╭─ Listed records
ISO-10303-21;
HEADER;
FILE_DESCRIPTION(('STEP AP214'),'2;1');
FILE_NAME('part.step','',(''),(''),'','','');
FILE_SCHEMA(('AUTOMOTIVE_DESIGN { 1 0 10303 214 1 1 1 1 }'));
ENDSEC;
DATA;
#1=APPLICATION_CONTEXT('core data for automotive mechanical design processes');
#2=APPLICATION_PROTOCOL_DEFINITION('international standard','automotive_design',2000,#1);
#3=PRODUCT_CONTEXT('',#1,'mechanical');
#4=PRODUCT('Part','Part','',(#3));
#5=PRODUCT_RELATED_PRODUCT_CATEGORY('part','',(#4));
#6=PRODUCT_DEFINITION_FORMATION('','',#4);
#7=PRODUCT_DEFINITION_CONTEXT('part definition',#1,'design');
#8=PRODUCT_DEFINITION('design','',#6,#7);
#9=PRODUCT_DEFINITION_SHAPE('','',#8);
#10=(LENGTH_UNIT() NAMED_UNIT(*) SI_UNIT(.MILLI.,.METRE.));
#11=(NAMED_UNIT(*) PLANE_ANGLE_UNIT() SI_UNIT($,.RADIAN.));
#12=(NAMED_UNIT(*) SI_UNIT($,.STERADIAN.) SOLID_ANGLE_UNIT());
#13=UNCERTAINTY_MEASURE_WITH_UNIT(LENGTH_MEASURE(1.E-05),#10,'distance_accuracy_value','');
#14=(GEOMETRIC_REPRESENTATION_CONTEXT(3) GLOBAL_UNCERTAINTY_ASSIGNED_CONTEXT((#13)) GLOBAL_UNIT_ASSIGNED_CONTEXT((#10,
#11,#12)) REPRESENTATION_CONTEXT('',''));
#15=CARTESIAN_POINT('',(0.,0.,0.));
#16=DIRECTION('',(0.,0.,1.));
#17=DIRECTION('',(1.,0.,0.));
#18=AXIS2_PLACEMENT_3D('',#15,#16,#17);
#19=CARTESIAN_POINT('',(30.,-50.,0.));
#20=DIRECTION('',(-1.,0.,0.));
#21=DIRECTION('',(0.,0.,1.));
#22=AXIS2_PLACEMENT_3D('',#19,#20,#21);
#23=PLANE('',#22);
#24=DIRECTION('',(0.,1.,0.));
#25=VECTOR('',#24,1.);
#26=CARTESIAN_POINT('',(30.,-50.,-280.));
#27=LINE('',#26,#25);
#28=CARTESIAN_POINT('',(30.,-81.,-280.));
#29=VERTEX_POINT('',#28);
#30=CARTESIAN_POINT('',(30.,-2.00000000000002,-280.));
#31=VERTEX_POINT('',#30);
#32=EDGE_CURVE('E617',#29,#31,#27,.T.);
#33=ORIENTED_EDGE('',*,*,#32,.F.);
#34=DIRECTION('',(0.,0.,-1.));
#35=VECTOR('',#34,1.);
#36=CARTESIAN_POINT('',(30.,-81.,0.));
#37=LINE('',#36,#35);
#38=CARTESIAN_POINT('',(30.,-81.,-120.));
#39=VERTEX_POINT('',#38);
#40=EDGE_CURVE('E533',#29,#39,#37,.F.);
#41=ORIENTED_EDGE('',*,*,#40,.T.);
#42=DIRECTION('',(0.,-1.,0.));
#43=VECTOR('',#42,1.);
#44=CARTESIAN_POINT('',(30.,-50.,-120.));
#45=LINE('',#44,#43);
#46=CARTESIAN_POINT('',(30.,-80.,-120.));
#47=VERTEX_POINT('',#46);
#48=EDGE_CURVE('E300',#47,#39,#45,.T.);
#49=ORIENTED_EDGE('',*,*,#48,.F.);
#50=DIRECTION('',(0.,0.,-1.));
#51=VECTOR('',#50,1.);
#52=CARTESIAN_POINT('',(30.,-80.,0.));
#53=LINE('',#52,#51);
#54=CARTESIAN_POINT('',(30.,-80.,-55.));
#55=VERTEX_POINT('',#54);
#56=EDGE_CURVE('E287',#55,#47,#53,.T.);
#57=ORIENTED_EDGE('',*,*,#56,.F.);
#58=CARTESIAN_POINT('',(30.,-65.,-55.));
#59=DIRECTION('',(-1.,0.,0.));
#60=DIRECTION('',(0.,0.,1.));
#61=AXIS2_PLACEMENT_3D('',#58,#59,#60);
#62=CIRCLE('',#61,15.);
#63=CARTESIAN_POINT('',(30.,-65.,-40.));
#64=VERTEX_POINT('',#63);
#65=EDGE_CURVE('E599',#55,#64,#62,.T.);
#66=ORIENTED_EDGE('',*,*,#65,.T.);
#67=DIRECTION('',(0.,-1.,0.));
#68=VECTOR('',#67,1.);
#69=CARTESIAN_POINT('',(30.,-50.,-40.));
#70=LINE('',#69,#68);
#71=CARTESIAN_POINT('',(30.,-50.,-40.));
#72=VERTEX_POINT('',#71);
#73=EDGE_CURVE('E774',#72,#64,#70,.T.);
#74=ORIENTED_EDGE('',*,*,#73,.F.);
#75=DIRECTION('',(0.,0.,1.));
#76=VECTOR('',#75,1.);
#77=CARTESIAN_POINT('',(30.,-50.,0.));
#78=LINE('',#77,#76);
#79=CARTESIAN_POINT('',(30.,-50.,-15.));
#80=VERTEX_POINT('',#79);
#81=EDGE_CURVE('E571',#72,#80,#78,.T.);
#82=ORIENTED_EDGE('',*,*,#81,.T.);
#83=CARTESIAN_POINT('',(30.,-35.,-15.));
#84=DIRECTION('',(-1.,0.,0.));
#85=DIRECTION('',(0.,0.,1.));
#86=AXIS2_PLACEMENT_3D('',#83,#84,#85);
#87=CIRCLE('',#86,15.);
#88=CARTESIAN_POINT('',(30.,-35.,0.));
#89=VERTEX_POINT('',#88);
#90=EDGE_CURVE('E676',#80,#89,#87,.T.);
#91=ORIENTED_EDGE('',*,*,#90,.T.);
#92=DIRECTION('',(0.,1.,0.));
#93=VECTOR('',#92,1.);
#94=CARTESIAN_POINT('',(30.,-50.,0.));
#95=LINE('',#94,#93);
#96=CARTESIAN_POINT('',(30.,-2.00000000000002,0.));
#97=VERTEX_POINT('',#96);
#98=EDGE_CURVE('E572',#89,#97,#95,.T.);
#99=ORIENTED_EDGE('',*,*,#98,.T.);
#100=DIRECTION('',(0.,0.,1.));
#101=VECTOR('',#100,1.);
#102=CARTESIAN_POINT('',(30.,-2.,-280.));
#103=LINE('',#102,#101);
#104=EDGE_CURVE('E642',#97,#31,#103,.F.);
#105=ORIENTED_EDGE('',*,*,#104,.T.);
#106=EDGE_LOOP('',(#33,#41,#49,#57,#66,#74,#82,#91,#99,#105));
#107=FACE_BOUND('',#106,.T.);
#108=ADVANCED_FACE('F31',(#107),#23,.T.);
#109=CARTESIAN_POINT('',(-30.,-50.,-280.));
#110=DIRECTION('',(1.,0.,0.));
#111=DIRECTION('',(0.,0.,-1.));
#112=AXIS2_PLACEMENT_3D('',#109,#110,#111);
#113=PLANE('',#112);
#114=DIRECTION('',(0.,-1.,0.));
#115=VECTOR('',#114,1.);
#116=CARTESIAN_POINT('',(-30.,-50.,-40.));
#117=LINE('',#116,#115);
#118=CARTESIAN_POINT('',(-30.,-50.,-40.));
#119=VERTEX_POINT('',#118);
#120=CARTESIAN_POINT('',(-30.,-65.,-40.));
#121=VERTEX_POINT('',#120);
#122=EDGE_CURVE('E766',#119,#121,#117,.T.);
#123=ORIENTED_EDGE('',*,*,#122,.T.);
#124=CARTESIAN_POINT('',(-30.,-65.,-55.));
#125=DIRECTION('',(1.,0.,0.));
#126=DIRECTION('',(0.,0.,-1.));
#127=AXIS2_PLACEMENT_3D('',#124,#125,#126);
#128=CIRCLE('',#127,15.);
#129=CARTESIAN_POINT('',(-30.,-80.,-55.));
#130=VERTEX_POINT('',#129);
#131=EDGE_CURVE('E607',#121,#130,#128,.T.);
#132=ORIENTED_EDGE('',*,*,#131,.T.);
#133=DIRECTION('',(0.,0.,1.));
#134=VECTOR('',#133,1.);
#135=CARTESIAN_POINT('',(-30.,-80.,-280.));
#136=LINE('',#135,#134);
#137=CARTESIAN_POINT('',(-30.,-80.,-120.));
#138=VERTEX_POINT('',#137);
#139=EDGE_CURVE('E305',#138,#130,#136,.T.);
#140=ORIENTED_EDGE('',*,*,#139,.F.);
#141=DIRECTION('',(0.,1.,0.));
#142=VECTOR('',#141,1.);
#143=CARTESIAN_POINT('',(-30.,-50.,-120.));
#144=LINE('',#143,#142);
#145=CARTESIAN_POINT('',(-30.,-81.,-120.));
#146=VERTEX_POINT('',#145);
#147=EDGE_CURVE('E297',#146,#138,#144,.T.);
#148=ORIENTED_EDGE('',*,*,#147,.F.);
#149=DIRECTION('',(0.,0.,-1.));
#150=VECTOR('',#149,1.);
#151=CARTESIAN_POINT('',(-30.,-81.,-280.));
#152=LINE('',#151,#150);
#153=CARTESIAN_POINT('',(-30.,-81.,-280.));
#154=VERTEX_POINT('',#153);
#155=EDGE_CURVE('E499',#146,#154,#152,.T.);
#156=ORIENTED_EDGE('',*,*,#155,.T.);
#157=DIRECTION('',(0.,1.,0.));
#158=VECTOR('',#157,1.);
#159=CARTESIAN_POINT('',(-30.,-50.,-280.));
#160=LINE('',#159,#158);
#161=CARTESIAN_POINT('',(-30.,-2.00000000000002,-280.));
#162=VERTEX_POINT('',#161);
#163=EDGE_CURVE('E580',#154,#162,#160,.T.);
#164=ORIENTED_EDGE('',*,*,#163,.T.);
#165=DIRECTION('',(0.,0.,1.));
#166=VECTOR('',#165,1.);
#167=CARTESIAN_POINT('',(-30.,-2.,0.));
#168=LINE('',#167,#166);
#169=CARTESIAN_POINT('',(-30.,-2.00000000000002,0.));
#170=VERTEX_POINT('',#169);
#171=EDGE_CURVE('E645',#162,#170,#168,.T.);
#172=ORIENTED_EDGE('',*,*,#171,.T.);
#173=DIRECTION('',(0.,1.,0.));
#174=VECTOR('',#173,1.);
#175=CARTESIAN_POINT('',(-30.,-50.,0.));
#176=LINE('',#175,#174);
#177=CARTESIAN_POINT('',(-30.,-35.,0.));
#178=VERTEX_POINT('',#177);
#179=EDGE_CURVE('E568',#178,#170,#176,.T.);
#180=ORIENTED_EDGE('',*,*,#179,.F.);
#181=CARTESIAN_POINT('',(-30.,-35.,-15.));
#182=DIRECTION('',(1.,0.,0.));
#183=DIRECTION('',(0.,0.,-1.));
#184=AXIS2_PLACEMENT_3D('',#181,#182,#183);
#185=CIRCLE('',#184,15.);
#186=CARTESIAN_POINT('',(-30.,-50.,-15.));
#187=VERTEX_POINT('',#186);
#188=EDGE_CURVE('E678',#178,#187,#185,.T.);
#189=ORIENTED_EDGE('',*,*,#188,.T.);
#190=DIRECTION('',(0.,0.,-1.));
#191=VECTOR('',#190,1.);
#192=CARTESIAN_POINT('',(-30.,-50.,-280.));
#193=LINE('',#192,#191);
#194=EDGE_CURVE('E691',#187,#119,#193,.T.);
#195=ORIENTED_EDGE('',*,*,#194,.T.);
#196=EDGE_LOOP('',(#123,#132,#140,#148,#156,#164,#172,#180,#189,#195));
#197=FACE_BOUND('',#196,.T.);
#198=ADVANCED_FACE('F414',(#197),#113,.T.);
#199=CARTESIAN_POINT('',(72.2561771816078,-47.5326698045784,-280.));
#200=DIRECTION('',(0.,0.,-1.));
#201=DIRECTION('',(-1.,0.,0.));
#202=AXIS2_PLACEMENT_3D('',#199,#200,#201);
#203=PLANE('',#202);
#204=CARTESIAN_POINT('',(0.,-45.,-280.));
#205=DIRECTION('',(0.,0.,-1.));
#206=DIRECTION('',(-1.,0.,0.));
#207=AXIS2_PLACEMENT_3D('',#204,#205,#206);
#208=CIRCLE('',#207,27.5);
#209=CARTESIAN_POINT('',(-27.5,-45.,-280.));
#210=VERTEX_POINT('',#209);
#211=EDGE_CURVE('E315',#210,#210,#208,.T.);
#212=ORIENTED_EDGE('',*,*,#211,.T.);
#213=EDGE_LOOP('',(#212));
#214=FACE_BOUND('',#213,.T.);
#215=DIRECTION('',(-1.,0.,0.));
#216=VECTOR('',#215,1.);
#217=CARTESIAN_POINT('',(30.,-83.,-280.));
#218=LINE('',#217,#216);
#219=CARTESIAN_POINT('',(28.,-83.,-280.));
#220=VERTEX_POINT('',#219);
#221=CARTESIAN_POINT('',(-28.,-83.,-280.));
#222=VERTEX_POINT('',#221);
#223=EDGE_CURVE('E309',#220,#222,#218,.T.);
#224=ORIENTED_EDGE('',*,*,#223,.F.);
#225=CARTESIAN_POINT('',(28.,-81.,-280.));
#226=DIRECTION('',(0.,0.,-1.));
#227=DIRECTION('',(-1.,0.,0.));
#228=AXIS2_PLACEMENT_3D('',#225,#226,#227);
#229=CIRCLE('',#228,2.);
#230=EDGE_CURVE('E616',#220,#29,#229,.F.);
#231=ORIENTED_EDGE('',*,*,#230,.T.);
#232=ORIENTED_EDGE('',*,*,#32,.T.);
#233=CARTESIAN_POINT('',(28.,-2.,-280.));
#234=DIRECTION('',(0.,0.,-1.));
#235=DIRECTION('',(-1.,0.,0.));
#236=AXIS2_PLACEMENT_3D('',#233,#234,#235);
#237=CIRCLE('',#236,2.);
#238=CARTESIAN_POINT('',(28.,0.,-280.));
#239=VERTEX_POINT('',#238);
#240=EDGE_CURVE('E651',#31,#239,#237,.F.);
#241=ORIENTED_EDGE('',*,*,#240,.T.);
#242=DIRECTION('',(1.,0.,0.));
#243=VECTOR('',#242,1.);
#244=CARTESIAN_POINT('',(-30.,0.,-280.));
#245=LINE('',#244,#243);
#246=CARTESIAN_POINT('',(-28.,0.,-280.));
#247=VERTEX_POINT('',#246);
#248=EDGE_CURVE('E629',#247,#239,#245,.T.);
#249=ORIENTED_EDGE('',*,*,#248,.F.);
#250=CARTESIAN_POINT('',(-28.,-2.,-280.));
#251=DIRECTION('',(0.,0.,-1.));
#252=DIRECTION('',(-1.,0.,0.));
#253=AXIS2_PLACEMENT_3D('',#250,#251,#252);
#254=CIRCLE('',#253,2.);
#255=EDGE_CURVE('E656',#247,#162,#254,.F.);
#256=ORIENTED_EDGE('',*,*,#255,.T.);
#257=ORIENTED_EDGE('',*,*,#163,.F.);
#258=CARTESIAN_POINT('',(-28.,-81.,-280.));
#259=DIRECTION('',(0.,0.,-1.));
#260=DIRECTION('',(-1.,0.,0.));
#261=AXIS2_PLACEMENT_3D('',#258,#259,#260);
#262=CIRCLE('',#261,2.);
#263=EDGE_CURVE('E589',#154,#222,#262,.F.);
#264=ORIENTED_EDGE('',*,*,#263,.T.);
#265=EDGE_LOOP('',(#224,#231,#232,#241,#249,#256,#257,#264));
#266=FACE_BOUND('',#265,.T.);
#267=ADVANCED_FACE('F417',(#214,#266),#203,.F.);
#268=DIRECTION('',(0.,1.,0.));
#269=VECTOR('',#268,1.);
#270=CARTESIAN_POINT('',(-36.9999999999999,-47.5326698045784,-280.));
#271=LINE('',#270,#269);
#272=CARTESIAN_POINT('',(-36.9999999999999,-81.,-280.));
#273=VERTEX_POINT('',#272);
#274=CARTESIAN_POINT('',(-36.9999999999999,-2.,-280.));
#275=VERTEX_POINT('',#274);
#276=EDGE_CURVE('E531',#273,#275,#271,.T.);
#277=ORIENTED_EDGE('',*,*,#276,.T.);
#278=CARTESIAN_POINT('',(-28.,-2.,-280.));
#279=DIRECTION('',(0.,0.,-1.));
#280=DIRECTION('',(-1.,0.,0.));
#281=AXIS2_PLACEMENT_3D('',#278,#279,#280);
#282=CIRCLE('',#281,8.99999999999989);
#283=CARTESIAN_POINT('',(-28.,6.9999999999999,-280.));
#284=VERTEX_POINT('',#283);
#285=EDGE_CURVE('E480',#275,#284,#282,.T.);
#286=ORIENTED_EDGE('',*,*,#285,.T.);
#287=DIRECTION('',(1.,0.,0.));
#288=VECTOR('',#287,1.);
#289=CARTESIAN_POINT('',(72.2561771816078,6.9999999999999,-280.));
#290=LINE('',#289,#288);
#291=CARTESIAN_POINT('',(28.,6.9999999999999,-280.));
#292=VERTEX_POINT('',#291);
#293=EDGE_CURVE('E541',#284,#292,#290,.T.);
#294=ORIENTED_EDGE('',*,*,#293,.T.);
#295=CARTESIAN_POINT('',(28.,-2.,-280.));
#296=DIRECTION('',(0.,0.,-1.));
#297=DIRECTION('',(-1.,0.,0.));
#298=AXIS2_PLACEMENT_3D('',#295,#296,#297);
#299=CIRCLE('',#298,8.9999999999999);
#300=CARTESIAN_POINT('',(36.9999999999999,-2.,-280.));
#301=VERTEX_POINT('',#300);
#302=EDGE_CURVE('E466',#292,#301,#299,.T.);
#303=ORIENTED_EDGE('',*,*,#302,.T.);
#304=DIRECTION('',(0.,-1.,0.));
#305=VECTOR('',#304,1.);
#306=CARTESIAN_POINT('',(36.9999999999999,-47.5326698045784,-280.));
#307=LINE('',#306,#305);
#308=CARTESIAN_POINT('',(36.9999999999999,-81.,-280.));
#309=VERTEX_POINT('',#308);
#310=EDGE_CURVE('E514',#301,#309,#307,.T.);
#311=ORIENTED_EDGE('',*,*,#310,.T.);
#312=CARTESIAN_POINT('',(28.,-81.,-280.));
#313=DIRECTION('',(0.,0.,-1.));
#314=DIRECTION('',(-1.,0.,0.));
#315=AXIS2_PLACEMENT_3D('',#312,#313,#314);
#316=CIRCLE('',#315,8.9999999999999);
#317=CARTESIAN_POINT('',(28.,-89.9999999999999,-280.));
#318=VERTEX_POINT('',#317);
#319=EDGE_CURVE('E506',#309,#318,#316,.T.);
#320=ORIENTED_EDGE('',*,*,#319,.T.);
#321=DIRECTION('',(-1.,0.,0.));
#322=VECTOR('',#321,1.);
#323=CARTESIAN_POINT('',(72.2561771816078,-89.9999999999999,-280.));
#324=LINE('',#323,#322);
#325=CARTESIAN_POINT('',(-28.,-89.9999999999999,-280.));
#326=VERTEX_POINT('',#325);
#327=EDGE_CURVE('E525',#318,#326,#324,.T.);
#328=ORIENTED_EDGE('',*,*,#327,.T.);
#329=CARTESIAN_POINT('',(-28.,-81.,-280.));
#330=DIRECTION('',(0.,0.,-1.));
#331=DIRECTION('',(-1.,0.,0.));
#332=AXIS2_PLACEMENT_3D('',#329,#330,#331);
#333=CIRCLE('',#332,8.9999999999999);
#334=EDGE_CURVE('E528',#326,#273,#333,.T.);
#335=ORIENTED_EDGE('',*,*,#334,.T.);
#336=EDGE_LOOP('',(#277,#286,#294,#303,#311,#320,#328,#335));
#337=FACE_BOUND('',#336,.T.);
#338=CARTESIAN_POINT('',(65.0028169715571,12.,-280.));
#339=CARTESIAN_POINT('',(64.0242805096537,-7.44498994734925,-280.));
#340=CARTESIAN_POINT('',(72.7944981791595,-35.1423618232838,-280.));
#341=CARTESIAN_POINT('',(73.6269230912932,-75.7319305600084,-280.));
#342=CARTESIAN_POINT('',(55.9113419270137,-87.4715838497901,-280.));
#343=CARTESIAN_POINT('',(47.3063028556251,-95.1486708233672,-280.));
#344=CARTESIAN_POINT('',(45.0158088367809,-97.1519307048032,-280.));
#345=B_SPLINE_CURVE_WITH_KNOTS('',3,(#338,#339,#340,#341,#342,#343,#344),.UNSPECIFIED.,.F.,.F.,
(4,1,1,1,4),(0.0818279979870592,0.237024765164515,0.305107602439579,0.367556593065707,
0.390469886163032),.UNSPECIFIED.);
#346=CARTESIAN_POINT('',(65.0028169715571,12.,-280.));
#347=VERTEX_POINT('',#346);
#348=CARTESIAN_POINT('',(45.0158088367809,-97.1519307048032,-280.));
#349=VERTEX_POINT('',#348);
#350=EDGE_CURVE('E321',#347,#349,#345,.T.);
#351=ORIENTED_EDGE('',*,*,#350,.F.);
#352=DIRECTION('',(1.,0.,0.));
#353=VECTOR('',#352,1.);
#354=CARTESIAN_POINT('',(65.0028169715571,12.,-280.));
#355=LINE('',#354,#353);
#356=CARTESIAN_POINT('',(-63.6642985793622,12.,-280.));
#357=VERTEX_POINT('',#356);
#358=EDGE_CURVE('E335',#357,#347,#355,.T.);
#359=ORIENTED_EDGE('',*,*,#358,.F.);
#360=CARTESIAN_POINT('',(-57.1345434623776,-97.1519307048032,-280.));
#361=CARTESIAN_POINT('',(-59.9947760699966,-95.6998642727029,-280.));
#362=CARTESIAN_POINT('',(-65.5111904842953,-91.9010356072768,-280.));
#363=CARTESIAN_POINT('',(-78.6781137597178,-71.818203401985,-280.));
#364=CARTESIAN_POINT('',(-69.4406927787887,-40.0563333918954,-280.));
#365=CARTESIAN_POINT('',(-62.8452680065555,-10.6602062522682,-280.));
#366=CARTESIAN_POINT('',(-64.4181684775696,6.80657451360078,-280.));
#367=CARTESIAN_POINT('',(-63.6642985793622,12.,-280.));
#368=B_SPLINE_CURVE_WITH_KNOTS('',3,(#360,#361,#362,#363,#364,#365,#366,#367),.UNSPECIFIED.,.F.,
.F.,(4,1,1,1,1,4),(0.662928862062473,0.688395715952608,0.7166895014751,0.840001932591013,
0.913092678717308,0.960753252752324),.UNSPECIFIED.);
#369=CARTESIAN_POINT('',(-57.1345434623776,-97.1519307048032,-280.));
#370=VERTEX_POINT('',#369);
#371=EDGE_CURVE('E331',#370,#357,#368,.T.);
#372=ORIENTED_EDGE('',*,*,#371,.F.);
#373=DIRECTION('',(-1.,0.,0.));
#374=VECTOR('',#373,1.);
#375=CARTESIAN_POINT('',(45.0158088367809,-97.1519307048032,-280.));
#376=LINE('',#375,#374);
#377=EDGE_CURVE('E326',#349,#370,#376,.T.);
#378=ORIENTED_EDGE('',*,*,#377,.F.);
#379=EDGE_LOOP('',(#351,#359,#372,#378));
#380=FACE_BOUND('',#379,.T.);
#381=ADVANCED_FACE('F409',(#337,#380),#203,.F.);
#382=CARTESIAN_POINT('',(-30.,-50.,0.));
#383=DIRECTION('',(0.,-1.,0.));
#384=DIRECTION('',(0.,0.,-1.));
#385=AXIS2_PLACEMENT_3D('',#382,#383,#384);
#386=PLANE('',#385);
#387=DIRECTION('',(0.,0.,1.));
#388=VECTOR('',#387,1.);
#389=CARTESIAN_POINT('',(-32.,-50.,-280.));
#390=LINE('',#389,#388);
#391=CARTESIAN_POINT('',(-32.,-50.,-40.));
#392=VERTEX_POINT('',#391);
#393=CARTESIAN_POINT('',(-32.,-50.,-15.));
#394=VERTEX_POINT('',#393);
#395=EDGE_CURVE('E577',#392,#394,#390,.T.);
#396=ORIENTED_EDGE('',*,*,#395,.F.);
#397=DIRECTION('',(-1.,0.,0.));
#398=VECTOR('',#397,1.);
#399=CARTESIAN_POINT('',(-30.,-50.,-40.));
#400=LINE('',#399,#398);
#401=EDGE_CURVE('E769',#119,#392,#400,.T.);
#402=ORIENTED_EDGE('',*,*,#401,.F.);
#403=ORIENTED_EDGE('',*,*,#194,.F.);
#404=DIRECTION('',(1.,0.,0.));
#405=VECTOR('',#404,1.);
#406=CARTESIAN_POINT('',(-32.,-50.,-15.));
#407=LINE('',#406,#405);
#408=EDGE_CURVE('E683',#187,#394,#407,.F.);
╰─
Your goal = From the material above, copy exactly the lines between the line holding "#144=LINE('',#143,#142);" and the line holding "#153=CARTESIAN_POINT('',(-30.,-81.,-280.));", inclusive, and only those.

Result of this exercise =
#144=LINE('',#143,#142);
#145=CARTESIAN_POINT('',(-30.,-81.,-120.));
#146=VERTEX_POINT('',#145);
#147=EDGE_CURVE('E297',#146,#138,#144,.T.);
#148=ORIENTED_EDGE('',*,*,#147,.F.);
#149=DIRECTION('',(0.,0.,-1.));
#150=VECTOR('',#149,1.);
#151=CARTESIAN_POINT('',(-30.,-81.,-280.));
#152=LINE('',#151,#150);
#153=CARTESIAN_POINT('',(-30.,-81.,-280.));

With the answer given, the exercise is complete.